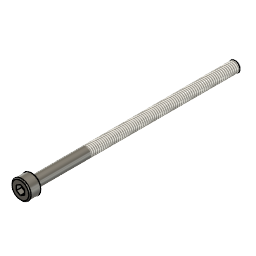
Equatorial Mount (Autodesk Fusion 360 archive; units mm, degrees)
design "Hexagon Socket Head Cap Screw ISO 4762 - M4 x 75 Steel 4.6 Plain"
description: Hexagon Socket Head Cap Screw ISO 4762 - M4 x 75
part number: ISO 4762 - M4 x 75 Steel 4.6 Plain
Autodesk Fusion 360 part; units mm, degrees
note: some values were not read from the file. Chosen so that the rebuilt part matches the saved one: how an offset face is resized. Set by a fixed rule: which face or edge a step refers to; which sketch regions a step uses.
sketch "Sketch1" plane through (0, 0, 0) normal (0, 1, 0) x (1, 0, 0)
  line L0 (-2, 0) -> (-2, 75)
  line L1 (-2, 75) -> (0, 75)
  line L2 (0, 75) -> (0, -4)
  line L3 (-2, 0) -> (-3.5, 0)
  line L4 (-3.5, 0) -> (-3.5, -4)
  line L5 (-3.5, -4) -> (0, -4)
  dimension "d9" = 4
  dimension "d106" = 4
  dimension "d107" = 75
  dimension "d116" = 7
  constraint perpendicular L0 L1
  constraint collinear origin L1.end L2.end
  constraint perpendicular L0 L3
  constraint coincident origin L3
  constraint vertical L2
  constraint coincident L2 L5.end
  constraint perpendicular L2 L5
  measures "d106" distance of L3 L5
  measures "d107" distance of origin L1
revolve "Revolve1" add sketch "Sketch1" angle 360 about axis through (0, 0, -75) along (0, 0, 1)
ref_plane "WorkPlane1" through (0, 0, 4) normal (0, 0, 1) x (1, 0, 0)
sketch "Sketch6" plane through (0, 0, 4) normal (0, 0, 1) x (1, 0, 0)
  line L0 (-1.5, 0.866) -> (-1.5, -0.866)
  line L1 (-1.5, -0.866) -> (0, -1.7321)
  line L2 (0, -1.7321) -> (1.5, -0.866)
  line L3 (1.5, -0.866) -> (1.5, 0.866)
  line L4 (1.5, 0.866) -> (0, 1.7321)
  line L5 (0, 1.7321) -> (-1.5, 0.866)
  dimension "d117" = 3
  constraint vertical L0
  measures "d117" distance of L0 L3
extrude "Extrude1" cut sketch "Sketch6" against normal blind 2
extrude "Extrude2" cut 1 faces at (0, -0.5774, 2) along direction (0, 0, -1) blind 2 draft -85
fillet "Fillet4" radius 0.4 1 edges at (-3.2631, 1.2657, 4)
thread "Thread3" "ISO Metric profile 4.0 M4x0.7 M4x0.7 6g" major diameter 3.908 minor diameter 3.111 pitch 0.7 angle 60 resizes the face on face at (-1.9901, 0.1991, -50)
sketch "Sketch7" plane through (0, 0, 0) normal (0, 1, 0) x (1, 0, 0)
  line L0 (-2.04, 75) -> (-2.04, 74.6)
  line L1 (-2.04, 74.6) -> (-1.64, 75)
  line L2 (0, 75) -> (0, -4)
  line L3 (-2.04, 75) -> (0, 75)
  dimension "d101" = 45
  dimension "d112" = 0.4
  dimension "d113" = 2.04
  constraint coincident L2.start L3.end
  constraint perpendicular L2 L3
  constraint coincident L1.end L3
  constraint perpendicular L0 L3
  measures "d101" angle of L0 L1
  measures "d112" distance of L0.end L3
  measures "d113" distance of L0 L2.start
revolve "Revolve3" cut sketch "Sketch7" angle 360 about axis through (0, 0, 1.75) along (0, 0, 1)
equation "d9 = adsk_nomdia"
equation "adsk_nomlen = 75.00 mm"
equation "adsk_headh = 4.00 mm"
equation "adsk_headdia = 7.00 mm"
equation "adsk_nomdia = 4.00 mm"
equation "adsk_philwidth = 3.00 mm"
equation "d31 = -adsk_phildepth"
equation "adsk_phildepth = 2.00 mm"
equation "d71 = adsk_headh"
equation "d76 = -adsk_phildepth"
equation "adsk_thrlen = 55.00 mm"
equation "d86 = adsk_nomdia * 0.1"
equation "adsk_startang = 45.00 deg"
equation "d101 = adsk_startang"
equation "adsk_pitch1 = 0.70 mm"
equation "adsk_startlen = 0.40 mm"
equation "d106 = adsk_headh"
equation "d107 = adsk_nomlen"
equation "d112 = adsk_startlen"
equation "d113 = adsk_nomdia * 0.51"
equation "d115 = min(adsk_thrlen; adsk_nomlen - 0.001 mm)"
equation "d116 = adsk_headdia"
equation "d117 = adsk_philwidth"

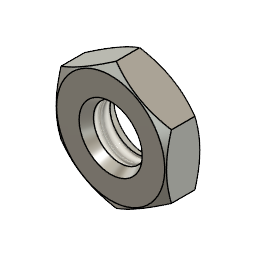
design "Hexagon Thin Nut ISO 4035 - M4 Steel 6 Plain"
description: Hexagon Thin Nut ISO 4035 - M4
part number: ISO 4035 - M4 Steel 6 Plain
Autodesk Fusion 360 part; units mm, degrees
sketch "Sketch1" plane through (0, 0, 0) normal (0, 1, 0) x (1, 0, 0)
  line L0 (0, 0) -> (0, -2.2)
  line L1 (-2, 0) -> (-3.43, 0)
  line L2 (-3.43, 0) -> (-4.0425, -0.3536)
  line L3 (-4.0425, -0.3536) -> (-4.0425, -1.8464)
  line L4 (-4.0425, -1.8464) -> (-3.43, -2.2)
  line L5 (-3.43, -2.2) -> (-2, -2.2)
  line L6 (-2, -2.2) -> (-2, 0)
  dimension "d121" = 4
  dimension "d122" = 30
  dimension "d123" = 30
  dimension "d128" = 8.085
  dimension "d172" = 6.86
  dimension "d179" = 2.2
  constraint vertical L0
  constraint coincident L0 L0.end
  constraint coincident origin L0
  constraint horizontal L1
  constraint coincident L0.start L1
  constraint coincident L0.start origin
  constraint coincident L0.end L5
  constraint vertical L1.end L4.end
  measures "d122" angle of L1 L2
  measures "d123" angle of L4 L5
  measures "d179" distance of L1 L5
revolve "Revolve1" add sketch "Sketch1" angle 360 about axis through (0, 0, 0) along (0, 0, 1)
sketch "Sketch8" plane through (0, 0, 2.2) normal (0, 0, 1) x (1, 0, 0)
  line L0 (-3.5, -2.0228) -> (-3.5, 2.0228)
  circle A0 centre (0, 0) radius 2
  circle A1 centre (0, 0) radius 4.0425
  dimension "d114" = 3.5
  constraint coincident L0.end A1
  constraint coincident L0.start A1
  constraint vertical L0
  measures "d114" distance of A0.centre L0
extrude "Extrude5" cut sketch "Sketch8" against normal blind 2.2 contours L0 A1 picked at (-3.5875, 0.4927)
pattern_circular "C-Pattern2" count 6 over 360 about axis through (0, 0, 1.75) along (0, 0, 1) of "Extrude5"
thread "Thread3" "ISO Metric profile 4.0 M4x0.7 M4x0.7 6H" major diameter 4.1095 minor diameter 3.332 pitch 0.7 angle 60 resizes the face on face at (-1.9975, 0.0997, 1.4667)
sketch "Sketch12" plane through (0, 0, 0) normal (0, 1, 0) x (1, 0, 0)
  line L0 (-2, 0) -> (0, 0)
  line L1 (-1.3649, -1.1) -> (-2, 0)
  line L2 (-2, -2.2) -> (0, -2.2)
  line L3 (-1.3649, -1.1) -> (-2, -2.2)
  line L4 (0, 0) -> (0, -2.2)
  dimension "d169" = 60
  dimension "d177" = 2
  dimension "d178" = 60
  constraint horizontal L0
  constraint coincident L1.start L3.start
  constraint vertical L0.start L2.start
  constraint coincident L2.end L4.end
  constraint coincident L0.end L4.start
  constraint perpendicular L2 L4
  measures "d169" angle of L2 L3
  measures "d177" distance of L0.start L4
  measures "d178" angle of L0 L1
revolve "Revolve3" cut sketch "Sketch12" angle 360 about axis through (0, 0, 1.75) along (0, 0, 1)
equation "adsk_nheig = 2.20 mm"
equation "adsk_maxdia = 8.085 mm"
equation "adsk_nomdia = 4.00 mm"
equation "d89 = -adsk_nheig"
equation "adsk_waflat = 7.00 mm"
equation "d114 = adsk_waflat / 2"
equation "adsk_chamang1 = 30.00 deg"
equation "adsk_chamang2 = 30.00 deg"
equation "d121 = adsk_nomdia"
equation "d122 = adsk_chamang1"
equation "d123 = adsk_chamang2"
equation "d128 = adsk_maxdia"
equation "d163 = adsk_nheig"
equation "adsk_beardia = 6.86 mm"
equation "d172 = adsk_beardia"
equation "d177 = adsk_nomdia * 0.5"
equation "d179 = adsk_nheig"

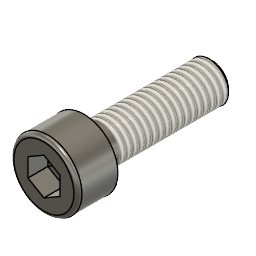
design "Hexagon Socket Head Cap Screw ISO 4762 - M5 x 16 Steel 4.6 Plain"
description: Hexagon Socket Head Cap Screw ISO 4762 - M5 x 16
part number: ISO 4762 - M5 x 16 Steel 4.6 Plain
Autodesk Fusion 360 part; units mm, degrees
sketch "Sketch1" plane through (0, 0, 0) normal (0, 1, 0) x (1, 0, 0)
  line L0 (-2.5, 0) -> (-2.5, 16)
  line L1 (-2.5, 16) -> (0, 16)
  line L2 (0, 16) -> (0, -5)
  line L3 (-2.5, 0) -> (-4.25, 0)
  line L4 (-4.25, 0) -> (-4.25, -5)
  line L5 (-4.25, -5) -> (0, -5)
  dimension "d9" = 5
  dimension "d106" = 5
  dimension "d107" = 16
  dimension "d116" = 8.5
  constraint perpendicular L0 L1
  constraint collinear origin L1.end L2.end
  constraint perpendicular L0 L3
  constraint coincident origin L3
  constraint vertical L2
  constraint coincident L2 L5.end
  constraint perpendicular L2 L5
  measures "d106" distance of L3 L5
  measures "d107" distance of origin L1
revolve "Revolve1" add sketch "Sketch1" angle 360 about axis through (0, 0, -16) along (0, 0, 1)
ref_plane "WorkPlane1" through (0, 0, 5) normal (0, 0, 1) x (1, 0, 0)
sketch "Sketch6" plane through (0, 0, 5) normal (0, 0, 1) x (1, 0, 0)
  line L0 (-2, 1.1547) -> (-2, -1.1547)
  line L1 (-2, -1.1547) -> (0, -2.3094)
  line L2 (0, -2.3094) -> (2, -1.1547)
  line L3 (2, -1.1547) -> (2, 1.1547)
  line L4 (2, 1.1547) -> (0, 2.3094)
  line L5 (0, 2.3094) -> (-2, 1.1547)
  dimension "d117" = 4
  constraint vertical L0
  measures "d117" distance of L0 L3
extrude "Extrude1" cut sketch "Sketch6" against normal blind 2.5
extrude "Extrude2" cut 1 faces at (0.6667, -0.3849, 2.5) along direction (0, 0, -1) blind 2.5 draft -85
fillet "Fillet4" radius 0.5 1 edges at (-3.9624, 1.5369, 5)
thread "Thread3" "ISO Metric profile 5.0 M5x0.8 M5x0.8 6g" major diameter 4.901 minor diameter 3.9895 pitch 0.8 angle 60 resizes the face on face at (-2.4876, 0.2489, -10.6667)
sketch "Sketch7" plane through (0, 0, 0) normal (0, 1, 0) x (1, 0, 0)
  line L0 (-2.55, 16) -> (-2.55, 15.5)
  line L1 (-2.55, 15.5) -> (-2.05, 16)
  line L2 (0, 16) -> (0, -5)
  line L3 (-2.55, 16) -> (0, 16)
  dimension "d101" = 45
  dimension "d112" = 0.5
  dimension "d113" = 2.55
  constraint coincident L2.start L3.end
  constraint perpendicular L2 L3
  constraint coincident L1.end L3
  constraint perpendicular L0 L3
  measures "d101" angle of L0 L1
  measures "d112" distance of L0.end L3
  measures "d113" distance of L0 L2.start
revolve "Revolve3" cut sketch "Sketch7" angle 360 about axis through (0, 0, 1.75) along (0, 0, 1)
equation "d9 = adsk_nomdia"
equation "adsk_nomlen = 16.00 mm"
equation "adsk_headh = 5.00 mm"
equation "adsk_headdia = 8.50 mm"
equation "adsk_nomdia = 5.00 mm"
equation "adsk_philwidth = 4.00 mm"
equation "d31 = -adsk_phildepth"
equation "adsk_phildepth = 2.50 mm"
equation "d71 = adsk_headh"
equation "d76 = -adsk_phildepth"
equation "adsk_thrlen = 14.00 mm"
equation "d86 = adsk_nomdia * 0.1"
equation "adsk_startang = 45.00 deg"
equation "d101 = adsk_startang"
equation "adsk_pitch1 = 0.80 mm"
equation "adsk_startlen = 0.50 mm"
equation "d106 = adsk_headh"
equation "d107 = adsk_nomlen"
equation "d112 = adsk_startlen"
equation "d113 = adsk_nomdia * 0.51"
equation "d115 = min(adsk_thrlen; adsk_nomlen - 0.001 mm)"
equation "d116 = adsk_headdia"
equation "d117 = adsk_philwidth"

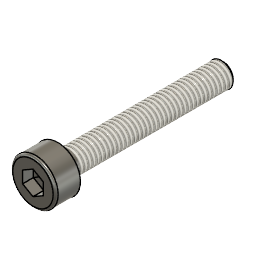
design "Hexagon Socket Head Cap Screw ISO 4762 - M3 x 20 Steel 4.6 Plain"
description: Hexagon Socket Head Cap Screw ISO 4762 - M3 x 20
part number: ISO 4762 - M3 x 20 Steel 4.6 Plain
Autodesk Fusion 360 part; units mm, degrees
sketch "Sketch1" plane through (0, 0, 0) normal (0, 1, 0) x (1, 0, 0)
  line L0 (-1.5, 0) -> (-1.5, 20)
  line L1 (-1.5, 20) -> (0, 20)
  line L2 (0, 20) -> (0, -3)
  line L3 (-1.5, 0) -> (-2.75, 0)
  line L4 (-2.75, 0) -> (-2.75, -3)
  line L5 (-2.75, -3) -> (0, -3)
  dimension "d9" = 3
  dimension "d106" = 3
  dimension "d107" = 20
  dimension "d116" = 5.5
  constraint perpendicular L0 L1
  constraint collinear origin L1.end L2.end
  constraint perpendicular L0 L3
  constraint coincident origin L3
  constraint vertical L2
  constraint coincident L2 L5.end
  constraint perpendicular L2 L5
  measures "d106" distance of L3 L5
  measures "d107" distance of origin L1
revolve "Revolve1" add sketch "Sketch1" angle 360 about axis through (0, 0, -20) along (0, 0, 1)
ref_plane "WorkPlane1" through (0, 0, 3) normal (0, 0, 1) x (1, 0, 0)
sketch "Sketch6" plane through (0, 0, 3) normal (0, 0, 1) x (1, 0, 0)
  line L0 (-1.25, 0.7217) -> (-1.25, -0.7217)
  line L1 (-1.25, -0.7217) -> (0, -1.4434)
  line L2 (0, -1.4434) -> (1.25, -0.7217)
  line L3 (1.25, -0.7217) -> (1.25, 0.7217)
  line L4 (1.25, 0.7217) -> (0, 1.4434)
  line L5 (0, 1.4434) -> (-1.25, 0.7217)
  dimension "d117" = 2.5
  constraint vertical L0
  measures "d117" distance of L0 L3
extrude "Extrude1" cut sketch "Sketch6" against normal blind 1.3
extrude "Extrude2" cut 1 faces at (-0.4167, 0.2406, 1.7) along direction (0, 0, -1) blind 1.3 draft -85
fillet "Fillet4" radius 0.3 1 edges at (-2.5639, 0.9944, 3)
thread "Thread3" "ISO Metric profile 3.0 M3x0.5 M3x0.5 6g" major diameter 2.927 minor diameter 2.3555 pitch 0.5 angle 60 resizes the face on face at (-1.4925, 0.1494, -13.3333)
sketch "Sketch7" plane through (0, 0, 0) normal (0, 1, 0) x (1, 0, 0)
  line L0 (-1.53, 20) -> (-1.53, 19.7)
  line L1 (-1.53, 19.7) -> (-1.23, 20)
  line L2 (0, 20) -> (0, -3)
  line L3 (-1.53, 20) -> (0, 20)
  dimension "d101" = 45
  dimension "d112" = 0.3
  dimension "d113" = 1.53
  constraint coincident L2.start L3.end
  constraint perpendicular L2 L3
  constraint coincident L1.end L3
  constraint perpendicular L0 L3
  measures "d101" angle of L0 L1
  measures "d112" distance of L0.end L3
  measures "d113" distance of L0 L2.start
revolve "Revolve3" cut sketch "Sketch7" angle 360 about axis through (0, 0, 1.75) along (0, 0, 1)
equation "d9 = adsk_nomdia"
equation "adsk_nomlen = 20.00 mm"
equation "adsk_headh = 3.00 mm"
equation "adsk_headdia = 5.50 mm"
equation "adsk_nomdia = 3.00 mm"
equation "adsk_philwidth = 2.50 mm"
equation "d31 = -adsk_phildepth"
equation "adsk_phildepth = 1.30 mm"
equation "d71 = adsk_headh"
equation "d76 = -adsk_phildepth"
equation "adsk_thrlen = 18.75 mm"
equation "d86 = adsk_nomdia * 0.1"
equation "adsk_startang = 45.00 deg"
equation "d101 = adsk_startang"
equation "adsk_pitch1 = 0.50 mm"
equation "adsk_startlen = 0.30 mm"
equation "d106 = adsk_headh"
equation "d107 = adsk_nomlen"
equation "d112 = adsk_startlen"
equation "d113 = adsk_nomdia * 0.51"
equation "d115 = min(adsk_thrlen; adsk_nomlen - 0.001 mm)"
equation "d116 = adsk_headdia"
equation "d117 = adsk_philwidth"

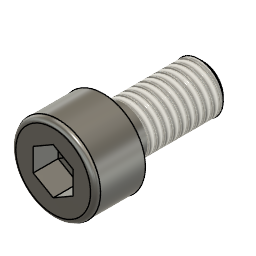
design "Hexagon Socket Head Cap Screw ISO 4762 - M5 x 10 Steel 4.6 Plain"
description: Hexagon Socket Head Cap Screw ISO 4762 - M5 x 10
part number: ISO 4762 - M5 x 10 Steel 4.6 Plain
Autodesk Fusion 360 part; units mm, degrees
sketch "Sketch1" plane through (0, 0, 0) normal (0, 1, 0) x (1, 0, 0)
  line L0 (-2.5, 0) -> (-2.5, 10)
  line L1 (-2.5, 10) -> (0, 10)
  line L2 (0, 10) -> (0, -5)
  line L3 (-2.5, 0) -> (-4.25, 0)
  line L4 (-4.25, 0) -> (-4.25, -5)
  line L5 (-4.25, -5) -> (0, -5)
  dimension "d9" = 5
  dimension "d106" = 5
  dimension "d107" = 10
  dimension "d116" = 8.5
  constraint perpendicular L0 L1
  constraint collinear origin L1.end L2.end
  constraint perpendicular L0 L3
  constraint coincident origin L3
  constraint vertical L2
  constraint coincident L2 L5.end
  constraint perpendicular L2 L5
  measures "d106" distance of L3 L5
  measures "d107" distance of origin L1
revolve "Revolve1" add sketch "Sketch1" angle 360 about axis through (0, 0, -10) along (0, 0, 1)
ref_plane "WorkPlane1" through (0, 0, 5) normal (0, 0, 1) x (1, 0, 0)
sketch "Sketch6" plane through (0, 0, 5) normal (0, 0, 1) x (1, 0, 0)
  line L0 (-2, 1.1547) -> (-2, -1.1547)
  line L1 (-2, -1.1547) -> (0, -2.3094)
  line L2 (0, -2.3094) -> (2, -1.1547)
  line L3 (2, -1.1547) -> (2, 1.1547)
  line L4 (2, 1.1547) -> (0, 2.3094)
  line L5 (0, 2.3094) -> (-2, 1.1547)
  dimension "d117" = 4
  constraint vertical L0
  measures "d117" distance of L0 L3
extrude "Extrude1" cut sketch "Sketch6" against normal blind 2.5
extrude "Extrude2" cut 1 faces at (0.6667, -0.3849, 2.5) along direction (0, 0, -1) blind 2.5 draft -85
fillet "Fillet4" radius 0.5 1 edges at (-3.9624, 1.5369, 5)
thread "Thread3" "ISO Metric profile 5.0 M5x0.8 M5x0.8 6g" major diameter 4.901 minor diameter 3.9895 pitch 0.8 angle 60 resizes the face on face at (-2.4876, 0.2489, -3.3333)
sketch "Sketch7" plane through (0, 0, 0) normal (0, 1, 0) x (1, 0, 0)
  line L0 (-2.55, 10) -> (-2.55, 9.5)
  line L1 (-2.55, 9.5) -> (-2.05, 10)
  line L2 (0, 10) -> (0, -5)
  line L3 (-2.55, 10) -> (0, 10)
  dimension "d101" = 45
  dimension "d112" = 0.5
  dimension "d113" = 2.55
  constraint coincident L2.start L3.end
  constraint perpendicular L2 L3
  constraint coincident L1.end L3
  constraint perpendicular L0 L3
  measures "d101" angle of L0 L1
  measures "d112" distance of L0.end L3
  measures "d113" distance of L0 L2.start
revolve "Revolve3" cut sketch "Sketch7" angle 360 about axis through (0, 0, 1.75) along (0, 0, 1)
equation "d9 = adsk_nomdia"
equation "adsk_nomlen = 10.00 mm"
equation "adsk_headh = 5.00 mm"
equation "adsk_headdia = 8.50 mm"
equation "adsk_nomdia = 5.00 mm"
equation "adsk_philwidth = 4.00 mm"
equation "d31 = -adsk_phildepth"
equation "adsk_phildepth = 2.50 mm"
equation "d71 = adsk_headh"
equation "d76 = -adsk_phildepth"
equation "adsk_thrlen = 8.00 mm"
equation "d86 = adsk_nomdia * 0.1"
equation "adsk_startang = 45.00 deg"
equation "d101 = adsk_startang"
equation "adsk_pitch1 = 0.80 mm"
equation "adsk_startlen = 0.50 mm"
equation "d106 = adsk_headh"
equation "d107 = adsk_nomlen"
equation "d112 = adsk_startlen"
equation "d113 = adsk_nomdia * 0.51"
equation "d115 = min(adsk_thrlen; adsk_nomlen - 0.001 mm)"
equation "d116 = adsk_headdia"
equation "d117 = adsk_philwidth"

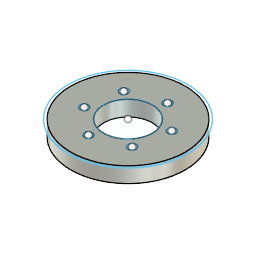
design "Bottom Output Plate"
Autodesk Fusion 360 part; units mm, degrees
sketch "sketch 334" plane through (0, 0, 6.35) normal (0, 0, -1) x (1, 0, 0)
  circle A0 centre (2.4311, 1.2127) radius 1.65
  circle A1 centre (10.7246, 23.999) radius 1.65
  circle A2 centre (-2.4311, 28.7873) radius 1.65
  circle A3 centre (-10.7246, 6.001) radius 1.65
  circle A4 centre (-13.1557, 19.7883) radius 1.65
  circle A5 centre (13.1557, 10.2117) radius 1.65
  circle A6 centre (0, 15) radius 10
  circle A7 centre (0, 15) radius 24.5
extrude "Extrude1" add sketch "sketch 334" along normal blind 6.35
move_face "OffsetFaces1" offset -1 1 faces at (24.3783, -12.5606, 2.1167)

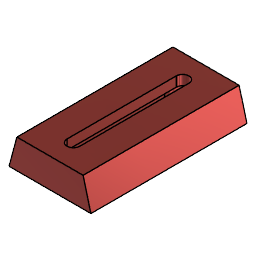
design "80mm Vixen Dovetail Bar"
Autodesk Fusion 360 part; units mm, degrees
sketch "Sketch1" plane through (0, 0, 0) normal (0, 1, 0) x (1, 0, 0)
  line L0 (0, 0) -> (42, 0)
  line L1 (21, 0) -> (21, -15)
  line L2 (0, 0) -> (4.0192, -15)
  line L3 (0, 0) -> (15.5291, 0) construction
  line L4 (4.0192, -15) -> (21, -15)
  line L5 (42, 0) -> (37.9808, -15)
  line L6 (21, -15) -> (37.9808, -15)
  dimension "d1" = 42
  dimension "d2" = 15
  dimension "d3" = 75
  dimension "d4" = 75
  constraint coincident L0.start L2.start
  constraint horizontal L0
  constraint midpoint L0 L1.start
  constraint perpendicular L0 L1
  constraint horizontal L3
  constraint perpendicular L1 L4
  constraint perpendicular L1 L6
  measures "d1" distance of L0.start L0.end
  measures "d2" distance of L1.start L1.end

········

What to produce:
Please go through the data above and copy every line that has the word "fillet".

Final answer:
fillet "Fillet4" radius 0.4 1 edges at (-3.2631, 1.2657, 4)
fillet "Fillet4" radius 0.5 1 edges at (-3.9624, 1.5369, 5)
fillet "Fillet4" radius 0.3 1 edges at (-2.5639, 0.9944, 3)
fillet "Fillet4" radius 0.5 1 edges at (-3.9624, 1.5369, 5)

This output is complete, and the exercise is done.